The problem: Repeat the records in full. No pictures belong in the copy.
(Supplied data begins)
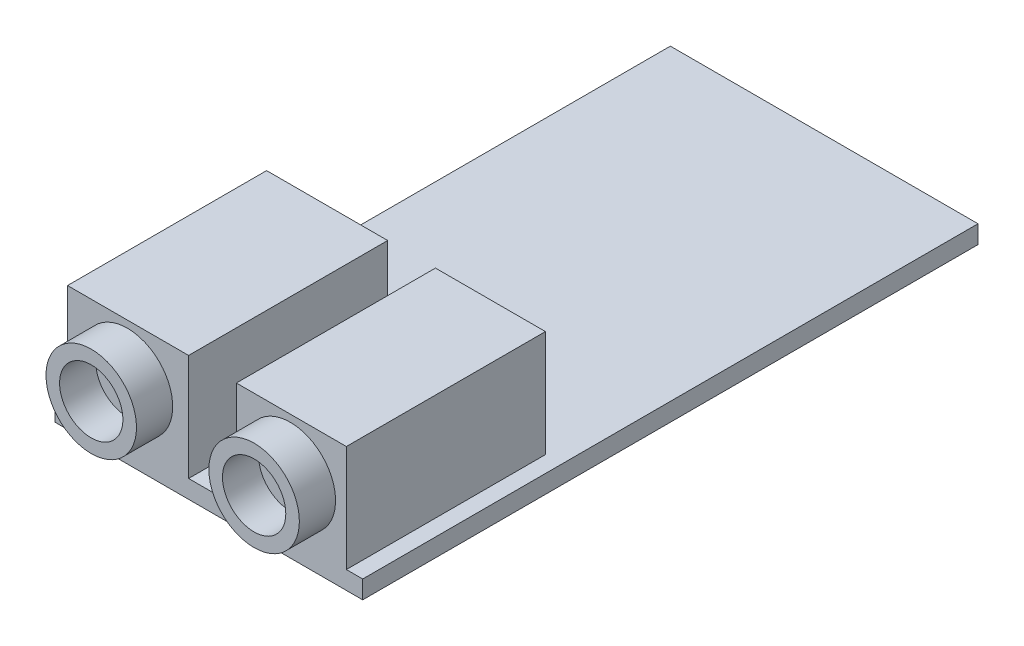
from build123d import *

# Parameters (mm, degrees)
IZIM1_W                       = 17
IZIM1_H                       = 34
Y_KSEKLIK_EKSTR_ZYON1_DEPTH   = 1
IZIM2_R                       = 2.5
IZIM2_R_2                     = 1.75
Y_KSEKLIK_EKSTR_ZYON2_DEPTH   = 2
Y_KSEKLIK_EKSTR_ZYON2_2_DEPTH = 2
IZIM3_W                       = 6.690686046
IZIM3_H                       = 5.888560339
IZIM3_W_2                     = 6.077595292
Y_KSEKLIK_EKSTR_ZYON3_DEPTH   = 11


with BuildPart() as part:
    # Çizim1 → Yükseklik-Ekstrüzyon1 (new body)
    with BuildSketch(Plane(origin=(0, 0, 0), x_dir=(1, 0, 0), z_dir=(0, 1, 0))):
        Rectangle(IZIM1_W, IZIM1_H)
    extrude(amount=Y_KSEKLIK_EKSTR_ZYON1_DEPTH)



with BuildPart() as body_2:
    # Çizim2 → Yükseklik-Ekstrüzyon2 (new body)
    with BuildSketch(Plane.XY.offset(17)):
        with Locations((-4.5, 4)):
            Circle(IZIM2_R)
        with Locations((-4.5, 4)):
            Circle(IZIM2_R_2, mode=Mode.SUBTRACT)
    extrude(amount=Y_KSEKLIK_EKSTR_ZYON2_DEPTH)


with BuildPart() as body_3:
    # Çizim2 → Y_kseklik-Ekstr_zyon2 2 (new body)
    with BuildSketch(Plane.XY.offset(17)):
        with Locations((4.5, 4)):
            Circle(IZIM2_R)
        with Locations((4.5, 4)):
            Circle(IZIM2_R_2, mode=Mode.SUBTRACT)
    extrude(amount=Y_KSEKLIK_EKSTR_ZYON2_2_DEPTH)


with BuildPart() as part_1:
    add(part.part)

    add(body_2.part)  # Yükseklik-Ekstrüzyon3 merges body 2

    add(body_3.part)  # Yükseklik-Ekstrüzyon3 merges body 3
    # Çizim3 → Yükseklik-Ekstrüzyon3 (add)
    with BuildSketch(Plane.XY.offset(17)):
        with Locations((-4.46490005, 3.94428017)):
            Rectangle(IZIM3_W, IZIM3_H)
        with Locations((4.558196469, 3.94428017)):
            Rectangle(IZIM3_W_2, IZIM3_H)
    extrude(amount=-Y_KSEKLIK_EKSTR_ZYON3_DEPTH)


solid = part_1.part
(Supplied data ends)
Result of this exercise:
from build123d import *

# Parameters (mm, degrees)
IZIM1_W                       = 17
IZIM1_H                       = 34
Y_KSEKLIK_EKSTR_ZYON1_DEPTH   = 1
IZIM2_R                       = 2.5
IZIM2_R_2                     = 1.75
Y_KSEKLIK_EKSTR_ZYON2_DEPTH   = 2
Y_KSEKLIK_EKSTR_ZYON2_2_DEPTH = 2
IZIM3_W                       = 6.690686046
IZIM3_H                       = 5.888560339
IZIM3_W_2                     = 6.077595292
Y_KSEKLIK_EKSTR_ZYON3_DEPTH   = 11


with BuildPart() as part:
    # Çizim1 → Yükseklik-Ekstrüzyon1 (new body)
    with BuildSketch(Plane(origin=(0, 0, 0), x_dir=(1, 0, 0), z_dir=(0, 1, 0))):
        Rectangle(IZIM1_W, IZIM1_H)
    extrude(amount=Y_KSEKLIK_EKSTR_ZYON1_DEPTH)



with BuildPart() as body_2:
    # Çizim2 → Yükseklik-Ekstrüzyon2 (new body)
    with BuildSketch(Plane.XY.offset(17)):
        with Locations((-4.5, 4)):
            Circle(IZIM2_R)
        with Locations((-4.5, 4)):
            Circle(IZIM2_R_2, mode=Mode.SUBTRACT)
    extrude(amount=Y_KSEKLIK_EKSTR_ZYON2_DEPTH)


with BuildPart() as body_3:
    # Çizim2 → Y_kseklik-Ekstr_zyon2 2 (new body)
    with BuildSketch(Plane.XY.offset(17)):
        with Locations((4.5, 4)):
            Circle(IZIM2_R)
        with Locations((4.5, 4)):
            Circle(IZIM2_R_2, mode=Mode.SUBTRACT)
    extrude(amount=Y_KSEKLIK_EKSTR_ZYON2_2_DEPTH)


with BuildPart() as part_1:
    add(part.part)

    add(body_2.part)  # Yükseklik-Ekstrüzyon3 merges body 2

    add(body_3.part)  # Yükseklik-Ekstrüzyon3 merges body 3
    # Çizim3 → Yükseklik-Ekstrüzyon3 (add)
    with BuildSketch(Plane.XY.offset(17)):
        with Locations((-4.46490005, 3.94428017)):
            Rectangle(IZIM3_W, IZIM3_H)
        with Locations((4.558196469, 3.94428017)):
            Rectangle(IZIM3_W_2, IZIM3_H)
    extrude(amount=-Y_KSEKLIK_EKSTR_ZYON3_DEPTH)


solid = part_1.part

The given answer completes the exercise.